Corrado Carnevale morreu em Roma aos 95 anos. Nascido em Licata em maio de 1930, foi presidente da primeira seção penal da Corte de Cassação, cargo que lhe conferiu papel central nos processos mais sensíveis da República e que lhe rendeu, na imprensa, o apelido permanente de ‘ammazzasentenze’.
O percurso jurídico de Corrado Carnevale atravessou décadas de tensão entre técnica processual e expectativa social por decisões de mérito. À frente da primeira seção penal da Corte de Cassação, ele presidiu julgamentos de recursos relativos a casos de mafia, terrorismo e grandes crimes políticos. Entre os pronunciamentos que mais repercutiram estão os relacionados aos mandantes do assassinato de Pietro Chinnici, à investigação sobre a strage di piazza Fontana, às condenações ligadas à Pizza Connection e a decisões sobre sentenças aplicadas à Banda della Magliana.
Vários desses provimentos culminaram em anulações e renvios a novo julgamento — motivo direto para que a imprensa italiane lhe atribuísse o rótulo de ‘ammazzasentenze’. Carnevale sempre rejeitou a etiqueta, defendendo uma interpretação estrita, formalista e garantista do direito: segundo ele, a função da Corte de Cassação é verificar a correta aplicação da lei e a regularidade processual, mesmo quando isso conduz a decisões que, externamente, pareçam contrárias ao sentimento público.

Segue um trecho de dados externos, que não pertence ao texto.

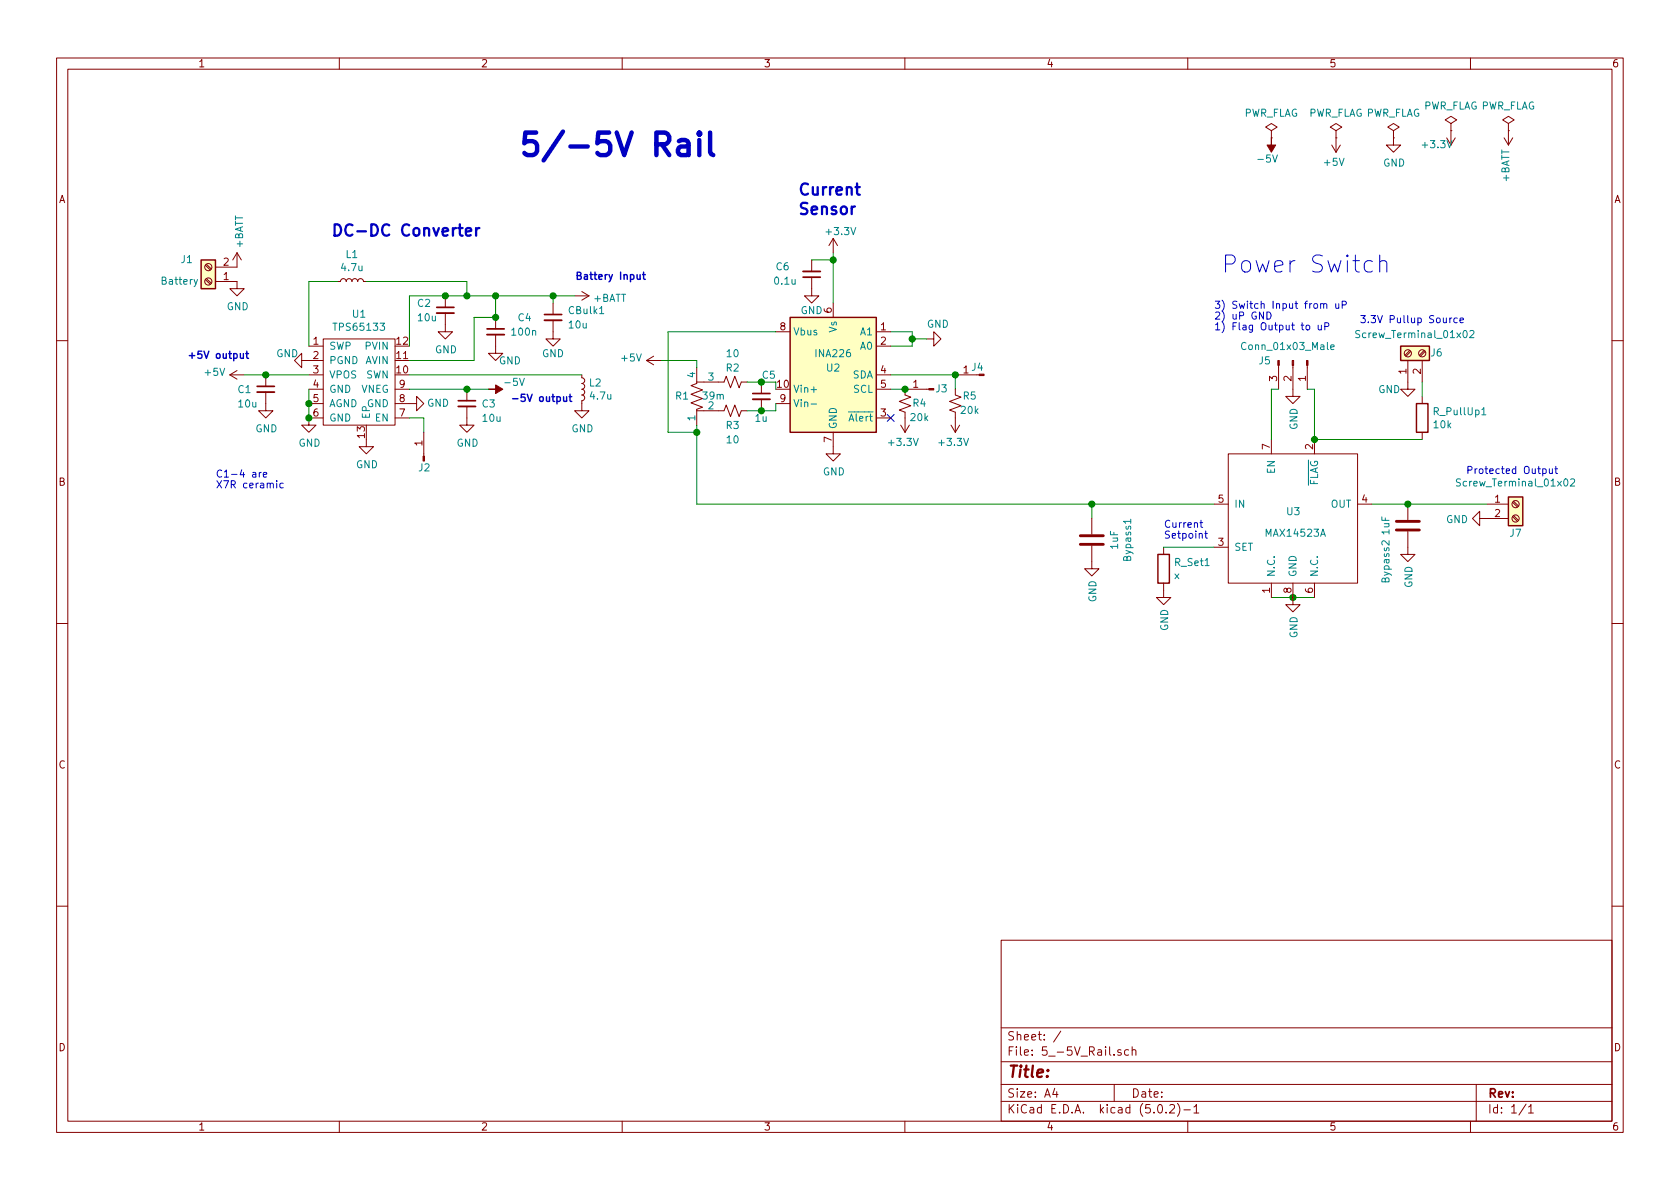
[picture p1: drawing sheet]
<svg xmlns="http://www.w3.org/2000/svg" width="297mm" height="210mm" viewBox="0 0 297 210" stroke-linecap="round" stroke-linejoin="round" font-family="sans-serif">
<g fill="none" stroke="#840000" stroke-width=".18">
<path d="M10 10.3h277v189.9h-277zM12 12.2h273v186.1h-273zM60 10.3v1.9M110 10.3v1.9M160 10.3v1.9M210 10.3v1.9M260 10.3v1.9M224.8 23.1l1-.6-1-.7-1 .7 1 .6v1.3M224.8 24.4h.1M235.5 25.6l.7 1.3M236.2 23.1l1-.6-1-.7-1 .7 1 .6v1.3M236.2 24.4h.1"/>
<path d="M236.2 24.4v2.5M237 25.6l-.8 1.3M246.4 24.4v1.2h1.2l-1.2 1.3-1.3-1.3h1.3M246.4 23.1l1-.6-1-.7-1 .7 1 .6v1.3M246.4 24.4h.1M256.5 21.8l1.1-.6-1.1-.6-1 .6 1 .6v1.3M256.5 23.1h.1M256.5 23.1v2.5l.8-1.2M265.9 24.4l.8 1.2M266.7 21.8l1-.6-1-.6-1 .6 1 .6v1.3M266.7 23.1h.1M266.7 23.1v2.5"/>
<path d="M267.5 24.4l-.8 1.2M36.3 46.9l.9 .8M36.3 49.4l.9 .9M36.5 46.7l.9 .9M36.5 49.3l.9 .8M38.1 49.8h3.8v1.2h1.3l-1.3 1.3-1.3-1.3h1.3M41.9 44.7v2.5h-3.8M41.9 44.7l-.8 1.3M41.9 44.7l.8 1.3M57.1 59.9h12.7v15.3h-12.7zM59.7 49.8h.5l.1-.4 .3-.1 .4 .1 .2 .4 .1-.4 .3-.1 .5 .1 .1 .4 .2-.4 .2-.1 .5 .1 .1 .4 .2-.4 .3-.1 .4 .1 .2 .4h.5M78.7 55.4v3.3h1.3l-1.3 1.2-1.2-1.2h1.2"/>
<path d="M78.7 52.3v2.1M87.6 59.2v3.3h1.3l-1.3 1.2-1.2-1.2h1.2M87.6 56.1v2.1M97.8 56.6v3.3h1.3l-1.3 1.3-1.3-1.3h1.3M97.8 53.6v2M101.6 52.3h2.5M102.9 51.6l1.2 .7M104.1 52.3l-1.2 .8M137.2 58.7h2.5M143.5 49v3.3h1.3l-1.3 1.3-1.3-1.3h1.3M143.5 46v2M147.3 42.2l-.7 1.2"/>
<path d="M147.3 42.2v2.5M147.3 53.6v2.5M147.3 42.2l.8 1.2M154.9 58.7h2.6M163.8 59.9h1.3v-1.2l1.3 1.2-1.3 1.3v-1.3M10 60.2h2M40.6 66.3h2.6M40.6 66.3l1.3 .8M41.9 65.5l-1.3 .8M47 69.3v3.3h1.3l-1.3 1.3-1.3-1.3h1.3M47 66.3v2M53.3 63.7v-1.2l-1.2 1.2 1.2 1.3v-1.3h3.8"/>
<path d="M54.6 66.3h2.5M54.6 68.8h2.5M54.6 61.2h2.5M54.6 71.4h2.5M57.1 73.9h-2.5v1.3h1.3l-1.3 1.2-1.3-1.2h1.3M64.8 77.7v1.3h1.2l-1.2 1.3-1.3-1.3h1.3M69.8 71.4h3.9v-1.3l1.2 1.3-1.2 1.2v-1.2M69.8 68.8h2.6M69.8 73.9h2.6M74.9 76.4v4.3M82.5 71.9v3.3h1.3l-1.3 1.2-1.2-1.2h1.2M82.5 68.8v2.1"/>
<path d="M102.9 66.3v.5l.3 .1 .2 .3-.1 .4-.4 .2 .3 .1 .2 .3-.1 .5-.4 .1 .3 .2 .2 .2-.1 .5-.4 .1 .3 .2 .2 .3-.1 .4-.4 .2v1.7h1.2l-1.2 1.3-1.3-1.3h1.3M114.3 63.7h2.5M114.3 63.7l1.3 .8M115.6 63l-1.3 .7M123.2 65v2.8l-1 .4 2 .8-2 .7 2 .8-2 .7 2 .8-1 .4v2.8M123.2 67.6h4.8l.4-1.1 .8 2.1 .7-2.1 .8 2.1 .4-1h1M123.2 72.6h4.8l.4-1 .8 2.1 .7-2.1 .8 2.1 .4-1.1h1M134.6 67.6v2M134.6 70.6v2M137.2 71.4h2.5M147.3 76.4v3.9h1.3l-1.3 1.2-1.3-1.2h1.3M154.9 66.3h2.6"/>
<path d="M154.9 68.8h2.6M154.9 61.2h2.6M154.9 73.9h2.6M159.3 75.2l.7 1.2M160.8 75.2l-.8 1.2M164.2 68.8h-4.2v1l1 .4-2 .8 2 .7-2 .8 1 .4v3.5M168.1 75.2l.8 1.2M168.9 68.8v1l1 .4-2 .8 2 .7-2 .8 1 .4v3.5M168.9 66.3h4.2M169.7 75.2l-.8 1.2M224.8 77.7v2.6M226.1 64.6v4.2"/>
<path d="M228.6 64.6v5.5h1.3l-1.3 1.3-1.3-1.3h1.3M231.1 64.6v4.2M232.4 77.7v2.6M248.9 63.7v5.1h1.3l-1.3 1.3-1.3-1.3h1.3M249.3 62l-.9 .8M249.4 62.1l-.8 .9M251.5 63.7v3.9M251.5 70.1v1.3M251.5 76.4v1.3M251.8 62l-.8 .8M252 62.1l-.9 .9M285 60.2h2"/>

Entre 1985 e 1993, o colegiado por ele presidido anulou ou remeteu a novo julgamento cerca de quinhentas sentenças — número levantado por um monitoramento dos provvedimenti da primeira seção penal, ordenado pelo então ministro da Justiça, Claudio Martelli, e verificado pelo juiz Giovanni Falcone na Direção Geral degli Affari Penali. Na maior parte dos casos, os provimentos foram motivados por vícios procedurais, lacunas na motivação, inosservância de normas legais ou avaliações controversas sobre indícios e sobre declarações de colaboradores de justiça, e não por absolvições no mérito.
Esse padrão técnico-procedimental produziu efeitos altamente controversos: anulações de penas de prisão perpétua, liberações provisórias e o prolongamento de incertezas processuais que marcaram os anos 1980 e 1990 e geraram um conflito aberto com o pool antimafia de Palermo, liderado por Giovanni Falcone e por outros magistrados que acusavam uma excessiva formalização que, na prática, enfraquecia o combate às organizações criminosas.
No início dos anos 1990, Carnevale foi alvo de uma investigação que o acusou de concorso esterno in associazione mafiosa. O processo, porém, não resultou em condenação: ele foi absolvido das imputações. Ainda assim, de 1993 a 2007 permaneceu suspenso do serviço; posteriormente, retornou à Corte de Cassação e se aposentou em 2013.
Em nota de encerramento, confirmam-se os detalhes sobre o funeral: as cerimônias terão lugar na sexta-feira, às 15h, na igreja de Cristo Re, em Viale Mazzini, Roma.
Carnevale deixa um legado ambivalente e continuamente debatido nos tribunais e na opinião pública. Para parte do sistema judicial, representou a defesa rigorosa das garantias processuais; para críticos e para muitas vítimas de crimes organizados, personificou um período em que a técnica processual acabou por diluir as respostas penais exigidas pelos fatos. Minha apuração in loco e o cruzamento de fontes oficiais reafirmam: a história judiciária italiana recordará Corrado Carnevale tanto pela autoridade institucional quanto pelas rupturas que provocou no debate sobre justiça e segurança pública.